((

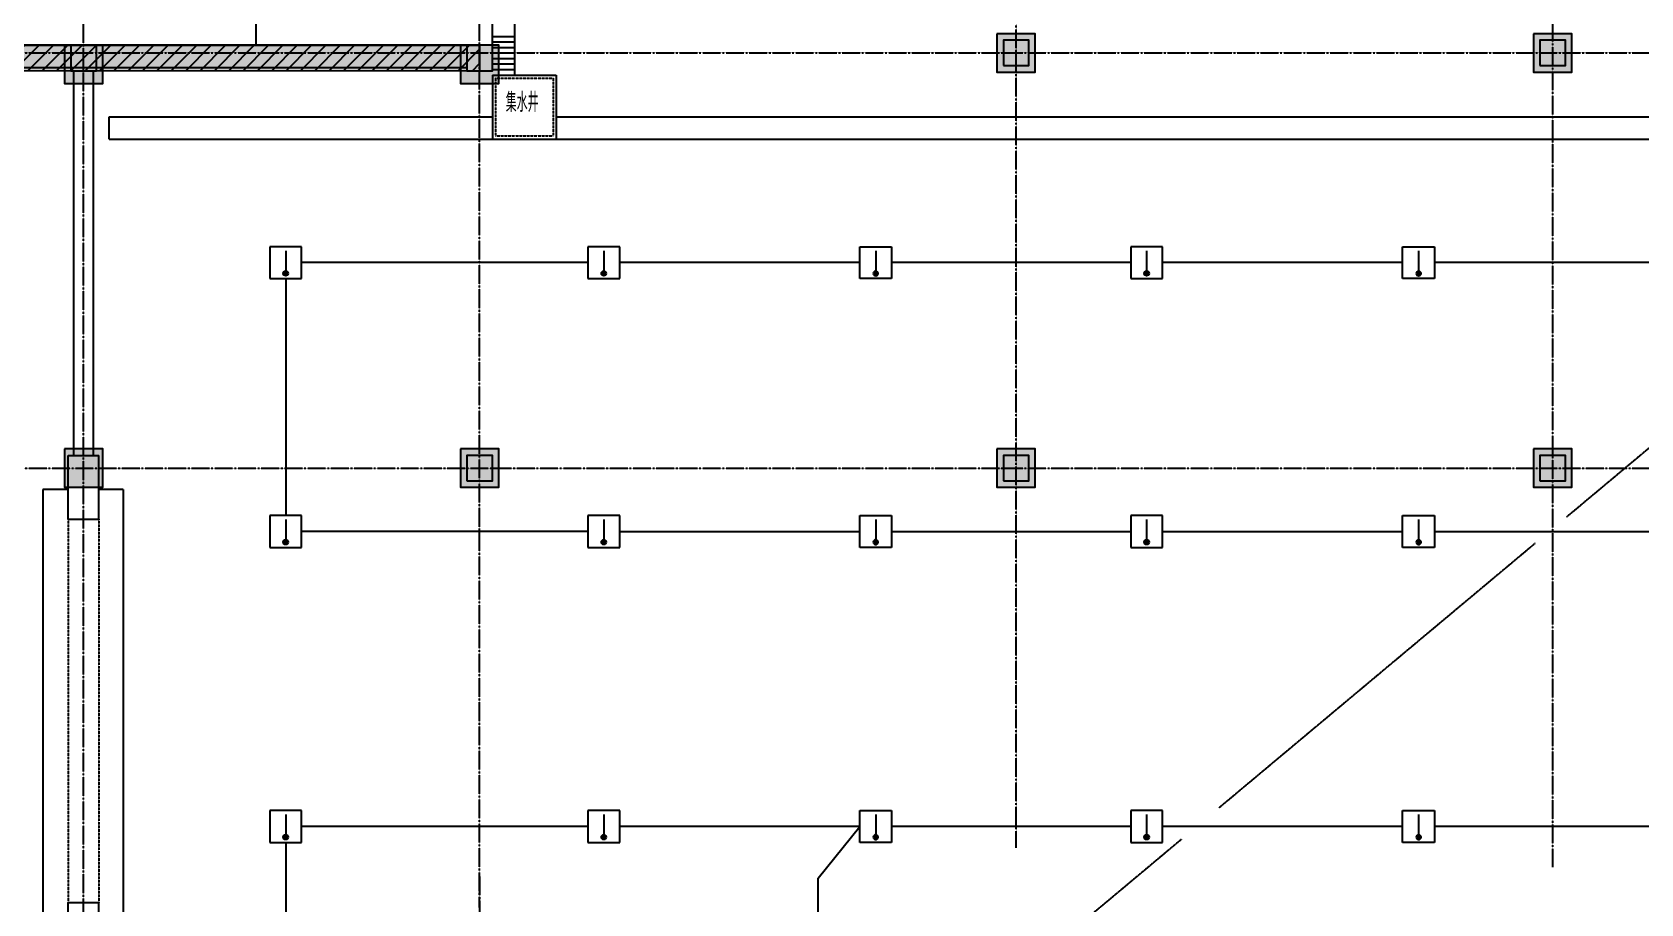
# Model space of a CAD drawing. Extents: x -170759 to 304867, y -311201 to 112352.
# Drawn here: x 71957 to 97142, y -242828 to -229184 of the extents above; entities that cross this region are included whole.
import ezdxf

# ---------------------------------------------------------------- set-up
doc = ezdxf.new("R2010")
doc.units = 0
for name, pattern in [('DASH', [0.35, 0.25, -0.1]), ('DOTE', [2.42, 2, -0.2, 0.02, -0.2]), ('PHANTOM2', [1.25, 0.625, -0.125, 0.125, -0.125, 0.125, -0.125])]:
    doc.linetypes.add(name, pattern=pattern)
doc.layers.get('0').update_dxf_attribs({"linetype": 'CONTINUOUS'})
for name, color, linetype in [('7', 8, 'CONTINUOUS'), ('DOTE', 251, 'CONTINUOUS'), ('EQUIP', 3, 'CONTINUOUS'), ('STAIR', 2, 'CONTINUOUS'), ('TC', 253, 'CONTINUOUS'), ('TEX', 7, 'CONTINUOUS'), ('WALL', 7, 'CONTINUOUS'), ('WIRE', 1, 'CONTINUOUS'), ('XU', 2, 'DASH'), ('导线', 1, 'CONTINUOUS'), ('柱子', 170, 'CONTINUOUS'), ('消防', 1, 'CONTINUOUS')]:
    doc.layers.add(name, color=color, linetype=linetype)
doc.styles.add('HZXXX', font='romans', dxfattribs={"width": 0.7, "bigfont": 'hzs'})

# ---------------------------------------------------------------- blocks, each defined once
blk = doc.blocks.new('_LINKPT1')
blk.add_line((0, 0), (0, 0))
blk = doc.blocks.new('M_I13KNT')
for p, q in [((0.5, 0.5), (-0.5, 0.5)), ((-0.5, 0.5), (-0.5, -0.5)), ((0, 0.375), (0, -0.412)), ((0.5, -0.5), (0.5, 0.5)), ((-0.5, -0.5), (0.5, -0.5))]:
    blk.add_line(p, q)
blk.add_circle((0, -0.338), 0.075)
for points in [[(-0.065, -0.3), (0.065, -0.3), (-0.075, -0.338), (0.075, -0.338)], [(-0.065, -0.375), (0.065, -0.375), (-0.075, -0.338), (0.075, -0.338)], [(-0.037, -0.273), (0.038, -0.273), (-0.065, -0.3), (0.065, -0.3)], [(-0.037, -0.402), (0.038, -0.402), (-0.065, -0.375), (0.065, -0.375)], [(0, -0.263), (0, -0.263), (-0.037, -0.273), (0.038, -0.273)], [(0, -0.412), (0, -0.412), (-0.037, -0.402), (0.038, -0.402)]]:
    blk.add_solid(points)
for p in [(-0.5, 0), (0, 0.5), (0.5, 0), (0, -0.5)]:
    blk.add_blockref('_LINKPT1', p)
at = {"width": 0.8, "flags": 9}
blk.add_attdef('A', (0, 0), '', height=0.000015, dxfattribs=at)

msp = doc.modelspace()

# ---------------------------------------------------------------- hatches: boundary and pattern name
at = {"layer": 'WALL'}
h = msp.add_hatch(dxfattribs=at)
h.set_pattern_fill('AR-CONC', color=256, scale=3, style=0)
h.set_pattern_definition([(50, (50704.1, -264957.1), (546.554, -47.8173), [57.15, -628.65]), (355, (50704.1, -264957.1), (-105.7285, 573.17), [45.72, -502.92]), (100.451, (50749.67, -264961.1), (440.8275, 525.35), [48.57, -534.27]), (46.1842, (50704.1, -264804.7), (813.237, -126.127), [85.725, -942.975]), (96.6356, (50771.9, -264815.2), (712.213, 742.277), [72.855, -801.405]), (351.184, (50704.1, -264804.7), (712.214, 742.275), [68.58, -754.38]), (21, (50780.3, -264842.8), (454.8446, -306.7966), [57.15, -628.65]), (326, (50780.3, -264842.8), (185.406, 552.564), [45.72, -502.92]), (71.4514, (50818.2, -264868.36), (640.2495, 245.7686), [48.57, -534.27]), (37.5, (50704.12, -264957.1), (9.2658, 253.6651), [0, -496.824, 0, -510.54, 0, -504.825]), (7.5, (50704.12, -264957.1), (200.459, 300.5417), [0, -291.084, 0, -485.394, 0, -192.405]), (327.5, (50534.2, -264957.1), (406.7718, -17.1862), [0, -190.5, 0, -594.36, 0, -788.67]), (317.5, (50458, -264957.1), (444.3875, 76.2795), [0, -247.65, 0, -394.716, 0, -560.07])])
h.paths.add_polyline_path([(30641.64473, -251318.21757), (30641.64473, -249827.46476), (30531.64473, -249827.46476), (30531.64473, -229387.46476), (78961.64473, -229387.46476), (78961.64473, -229787.46476), (30881.64473, -229793.94604), (30881.64473, -249587.46476), (32331.64473, -249587.46476), (32331.64473, -249827.46476), (30881.64473, -249827.46476), (30881.64473, -251078.21757), (32331.64473, -251078.21757), (32331.64473, -251318.21757)])
h = msp.add_hatch(dxfattribs=at)
h.set_pattern_fill('ANSI31', color=256, scale=50, style=0)
h.set_pattern_definition([(45, (50704.26, -266016.04), (-112.2532, 112.2532), [])])
h.paths.add_polyline_path([(30641.78748, -251318.21755), (30641.78748, -249827.46474), (30531.78748, -249827.46474), (30531.78748, -229387.46474), (78961.78748, -229387.46474), (78961.78748, -229787.46474), (30881.78748, -229793.94602), (30881.78748, -249587.46474), (32331.78748, -249587.46474), (32331.78748, -249827.46474), (30881.78748, -249827.46474), (30881.78748, -251078.21755), (32331.78748, -251078.21755), (32331.78748, -251318.21755)])
at = {"layer": '柱子'}
for points in [[(72461.64473, -229387.46476), (72461.64473, -229987.46476), (73061.64473, -229987.46476), (73061.64473, -229387.46476)], [(78661.64473, -229387.46476), (78661.64473, -229987.46476), (79261.64473, -229987.46476), (79261.64473, -229387.46476)], [(87061.64473, -229207.46476), (87061.64473, -229807.46476), (87661.64473, -229807.46476), (87661.64473, -229207.46476)], [(95461.64473, -229207.46476), (95461.64473, -229807.46476), (96061.64473, -229807.46476), (96061.64473, -229207.46476)], [(72461.64473, -235707.46476), (72461.64473, -236307.46476), (73061.64473, -236307.46476), (73061.64473, -235707.46476)], [(78661.64473, -235707.46476), (78661.64473, -236307.46476), (79261.64473, -236307.46476), (79261.64473, -235707.46476)], [(87061.64473, -235707.46476), (87061.64473, -236307.46476), (87661.64473, -236307.46476), (87661.64473, -235707.46476)], [(95461.64473, -235707.46476), (95461.64473, -236307.46476), (96061.64473, -236307.46476), (96061.64473, -235707.46476)]]:
    msp.add_hatch(color=170, dxfattribs=at).paths.add_polyline_path(points)

# ---------------------------------------------------------------- linework, layer by layer
at = {"layer": '7'}
for p, q in [((72121.64473, -236342.46476, 0), (72121.64473, -243172.46476, 0)), ((72521.64473, -236342.46476, 0), (72121.64473, -236342.46476, 0)), ((73381.64473, -236342.46476, 0), (73001.64473, -236342.46476, 0)), ((73381.64473, -236342.46476, 0), (73381.64473, -243172.46476, 0))]:
    msp.add_line(p, q, dxfattribs=at)
at = {"layer": 'DOTE', "color": 251, "linetype": 'DOTE', "ltscale": 0.5}
for p, q in [((72761.64473, -249587.46476, 0), (72761.64473, -218775.83923, 0)), ((78961.64473, -242884.56134, 0), (78961.64473, -218775.83923, 0)), ((87361.64473, -241948.94888, 0), (87361.64473, -218775.83923, 0)), ((95761.64473, -242252.80088, 0), (95761.64473, -218775.83923, 0)), ((30937.46591, -229507.46476, 0), (116504.73377, -229507.46476, 0)), ((30937.46591, -236007.46476, 0), (116504.73377, -236007.46476, 0)), ((78961.64473, -242366.38176, 0), (78961.64473, -265839.36023, 0))]:
    msp.add_line(p, q, dxfattribs=at)
at = {"layer": 'STAIR'}
for p, q in [((75461.64473, -229387.46476, 0), (75461.64473, -222427.46476, 0)), ((79161.64473, -229855.12189, 0), (80161.64473, -229855.12189, 0)), ((79161.64473, -229855.12189, 0), (79161.64473, -230857.46476, 0)), ((79161.64473, -229855.12189, 0), (79161.64473, -230857.46476, 0)), ((79161.64473, -229855.12189, 0), (79161.64473, -230205.12189, 0)), ((80161.64473, -229855.12189, 0), (80161.64473, -230857.46476, 0)), ((73161.64473, -230507.46476, 0), (79161.64473, -230507.46476, 0)), ((73161.64473, -230857.46476, 0), (73161.64473, -230507.46476, 0)), ((79161.64473, -230507.46476, 0), (79161.64473, -230857.46476, 0)), ((80161.64473, -230507.46476, 0), (110961.64473, -230507.46476, 0)), ((73161.64473, -230857.46476, 0), (110961.64473, -230857.46476, 0)), ((79161.64473, -230857.46476, 0), (80161.64473, -230857.46476, 0))]:
    msp.add_line(p, q, dxfattribs=at)
at = {"layer": 'STAIR', "linetype": 'DASH'}
for p, q in [((79211.64473, -229905.12189, 0), (80111.64473, -229905.12189, 0)), ((79211.64473, -229905.12189, 0), (79211.64473, -230807.46476, 0)), ((80111.64473, -229905.12189, 0), (80111.64473, -230807.46476, 0)), ((79211.64473, -230807.46476, 0), (80111.64473, -230807.46476, 0))]:
    msp.add_line(p, q, dxfattribs=at)
at = {"layer": 'TC'}
for p, q in [((79161.64473, -229651.29658, 0), (79161.64473, -222571.29658, 0)), ((79511.64473, -229855.12189, 0), (79511.64473, -222427.46476, 0)), ((79161.64473, -229248.64784, 0), (79511.64473, -229248.64784, 0)), ((79161.64473, -229333.14297, 0), (79511.64473, -229333.14297, 0)), ((79161.64473, -229422.09777, 0), (79511.64473, -229422.09777, 0)), ((79161.64473, -229506.59289, 0), (79511.64473, -229506.59289, 0)), ((79161.64473, -229595.54769, 0), (79511.64473, -229595.54769, 0)), ((79161.64473, -229680.04281, 0), (79511.64473, -229680.04281, 0)), ((79161.64473, -229768.99761, 0), (79511.64473, -229768.99761, 0))]:
    msp.add_line(p, q, dxfattribs=at)
at = {"layer": 'WALL'}
for p, q in [((30531.64473, -229387.46476, 0), (78761.64473, -229387.46476, 0)), ((72606.64473, -235807.46476, 0), (72606.64473, -229787.46476, 0)), ((72916.64473, -235807.46476, 0), (72916.64473, -229787.46476, 0)), ((72521.64473, -235807.46476, 0), (73001.64473, -235807.46476, 0))]:
    msp.add_line(p, q, dxfattribs=at)
at = {"layer": 'WALL', "color": 7}
for p, q in [((72521.64473, -236807.46476, 0), (72521.64473, -235807.46476, 0)), ((73001.64473, -236807.46476, 0), (73001.64473, -235807.46476, 0)), ((72521.64473, -236807.46476, 0), (73001.64473, -236807.46476, 0)), ((72521.64473, -242807.46476, 0), (73001.64473, -242807.46476, 0)), ((72521.64473, -243707.46476, 0), (72521.64473, -242807.46476, 0)), ((73001.64473, -243707.46476, 0), (73001.64473, -242807.46476, 0))]:
    msp.add_line(p, q, dxfattribs=at)
at = {"layer": 'WALL', "elevation": 0}
for points in [[(78761.64473, -229388.05209), (78390.77454, -229387.46476), (30531.64473, -229387.46476), (30531.64473, -249827.46476), (30641.64473, -249827.46476)], [(30881.64473, -249587.46476), (30881.64473, -229737.46476), (78761.64473, -229737.46476)]]:
    msp.add_lwpolyline(points, dxfattribs=at)
for points in [[(30641.64473, -251318.21757), (30641.64473, -249827.46476), (30531.64473, -249827.46476), (30531.64473, -229387.46476), (78961.64473, -229387.46476), (78961.64473, -229787.46476), (30881.64473, -229793.94604), (30881.64473, -249587.46476), (32331.64473, -249587.46476), (32331.64473, -249827.46476), (30881.64473, -249827.46476), (30881.64473, -251078.21757), (32331.64473, -251078.21757), (32331.64473, -251318.21757)], [(72561.64473, -229787.46476), (72961.64473, -229787.46476), (72961.64473, -229387.46476), (72561.64473, -229387.46476)], [(78761.64473, -229787.46476), (79161.64473, -229787.46476), (79161.64473, -229387.46476), (78761.64473, -229387.46476)], [(87161.64473, -229707.46476), (87561.64473, -229707.46476), (87561.64473, -229307.46476), (87161.64473, -229307.46476)], [(95561.64473, -229707.46476), (95961.64473, -229707.46476), (95961.64473, -229307.46476), (95561.64473, -229307.46476)], [(78761.64473, -236207.46476), (79161.64473, -236207.46476), (79161.64473, -235807.46476), (78761.64473, -235807.46476)], [(87161.64473, -236207.46476), (87561.64473, -236207.46476), (87561.64473, -235807.46476), (87161.64473, -235807.46476)], [(95561.64473, -236207.46476), (95961.64473, -236207.46476), (95961.64473, -235807.46476), (95561.64473, -235807.46476)]]:
    msp.add_lwpolyline(points, close=True, dxfattribs=at)
at = {"layer": 'WIRE'}
for p, q in [((84912.76608, -232791.3304, 0), (81155.00877, -232791.3304, 0)), ((89155.00877, -232791.3304, 0), (85412.76608, -232791.3304, 0)), ((93412.76608, -232791.3304, 0), (89655.00877, -232791.3304, 0)), ((97455.00877, -232791.3304, 0), (93912.76608, -232791.3304, 0)), ((81155.00877, -236998.08976, 0), (84912.76608, -236998.08976, 0)), ((85412.76608, -236998.08976, 0), (89155.00877, -236998.08976, 0)), ((89655.00877, -236998.08976, 0), (93412.76608, -236998.08976, 0)), ((93912.76608, -236998.08976, 0), (97455.00877, -236998.08976, 0)), ((84912.76608, -241615.82141, 0), (81155.00877, -241615.82141, 0)), ((84260.52889, -242423.77277), (84912.76608, -241615.82141)), ((89155.00877, -241615.82141, 0), (85412.76608, -241615.82141, 0)), ((93412.76608, -241615.82141, 0), (89655.00877, -241615.82141, 0)), ((97455.00877, -241615.82141, 0), (93912.76608, -241615.82141, 0)), ((84260.52889, -245721.29227), (84260.52889, -242423.77277))]:
    msp.add_line(p, q, dxfattribs=at)
at = {"layer": 'XU'}
for p, q in [((72521.64473, -236807.46476, 0), (72521.64473, -242807.46476, 0)), ((73001.64473, -236807.46476, 0), (73001.64473, -242807.46476, 0))]:
    msp.add_line(p, q, dxfattribs=at)
at = {"layer": '导线'}
for p, q in [((80655.00877, -232791.3304, 0), (76175.34735, -232791.3304, 0)), ((75925.34735, -233041.3304, 0), (75925.34735, -236748.08976, 0)), ((80655.00877, -236998.08976, 0), (76175.34735, -236998.08976, 0)), ((80655.00877, -241615.82141, 0), (76175.34735, -241615.82141, 0)), ((75925.34735, -241865.82141, 0), (75925.34735, -246233.20036, 0))]:
    msp.add_line(p, q, dxfattribs=at)
at = {"layer": '柱子', "color": 170, "elevation": 0}
for points in [[(72461.64473, -229387.46476), (72461.64473, -229987.46476), (73061.64473, -229987.46476), (73061.64473, -229387.46476), (72461.64473, -229387.46476)], [(78661.64473, -229387.46476), (78661.64473, -229987.46476), (79261.64473, -229987.46476), (79261.64473, -229387.46476), (78661.64473, -229387.46476)], [(87061.64473, -229207.46476), (87061.64473, -229807.46476), (87661.64473, -229807.46476), (87661.64473, -229207.46476), (87061.64473, -229207.46476)], [(95461.64473, -229207.46476), (95461.64473, -229807.46476), (96061.64473, -229807.46476), (96061.64473, -229207.46476), (95461.64473, -229207.46476)], [(72461.64473, -235707.46476), (72461.64473, -236307.46476), (73061.64473, -236307.46476), (73061.64473, -235707.46476), (72461.64473, -235707.46476)], [(78661.64473, -235707.46476), (78661.64473, -236307.46476), (79261.64473, -236307.46476), (79261.64473, -235707.46476), (78661.64473, -235707.46476)], [(87061.64473, -235707.46476), (87061.64473, -236307.46476), (87661.64473, -236307.46476), (87661.64473, -235707.46476), (87061.64473, -235707.46476)], [(95461.64473, -235707.46476), (95461.64473, -236307.46476), (96061.64473, -236307.46476), (96061.64473, -235707.46476), (95461.64473, -235707.46476)]]:
    msp.add_lwpolyline(points, dxfattribs=at)
at = {"layer": '消防', "linetype": 'PHANTOM2'}
for p, q in [((100466.79954, -233019.62396, 0), (95979.93641, -236773.27743, 0)), ((95486.38883, -237186.17315, 0), (90540.67457, -241323.69573, 0)), ((89946.34152, -241820.90731, 0), (88288.94465, -243207.46476, 0))]:
    msp.add_line(p, q, dxfattribs=at)

# ---------------------------------------------------------------- block references
at = {"layer": 'EQUIP', "yscale": 500, "zscale": 500}
for p, xscale in [((75925.34735, -232791.3304, 0), 500), ((80905.00877, -232791.3304, 0), 500), ((85162.76608, -232791.3304, 0), -500), ((89405.00877, -232791.3304, 0), 500), ((93662.76608, -232791.3304, 0), -500), ((75925.34735, -236998.08976, 0), 500), ((80905.00877, -236998.08976, 0), 500), ((85162.76608, -236998.08976, 0), -500), ((89405.00877, -236998.08976, 0), 500), ((93662.76608, -236998.08976, 0), -500), ((75925.34735, -241615.82141, 0), 500), ((80905.00877, -241615.82141, 0), 500), ((85162.76608, -241615.82141, 0), -500), ((89405.00877, -241615.82141, 0), 500), ((93662.76608, -241615.82141, 0), -500)]:
    msp.add_blockref('M_I13KNT', p, dxfattribs=dict(at, xscale=xscale))

# ---------------------------------------------------------------- texts
at = {"layer": 'TEX', "color": 3, "style": 'HZXXX', "text_generation_flag": 6, "width": 0.6}
msp.add_text('集水井', height=300, rotation=180, dxfattribs=at).set_placement((79371.33842, -230431.26301))

doc.saveas('drawing.dxf')

))

Problem to work on:
Using the records above, find and show each line with the string "elevation".

Result of the exercise:
at = {"layer": 'WALL', "elevation": 0}
at = {"layer": '柱子', "color": 170, "elevation": 0}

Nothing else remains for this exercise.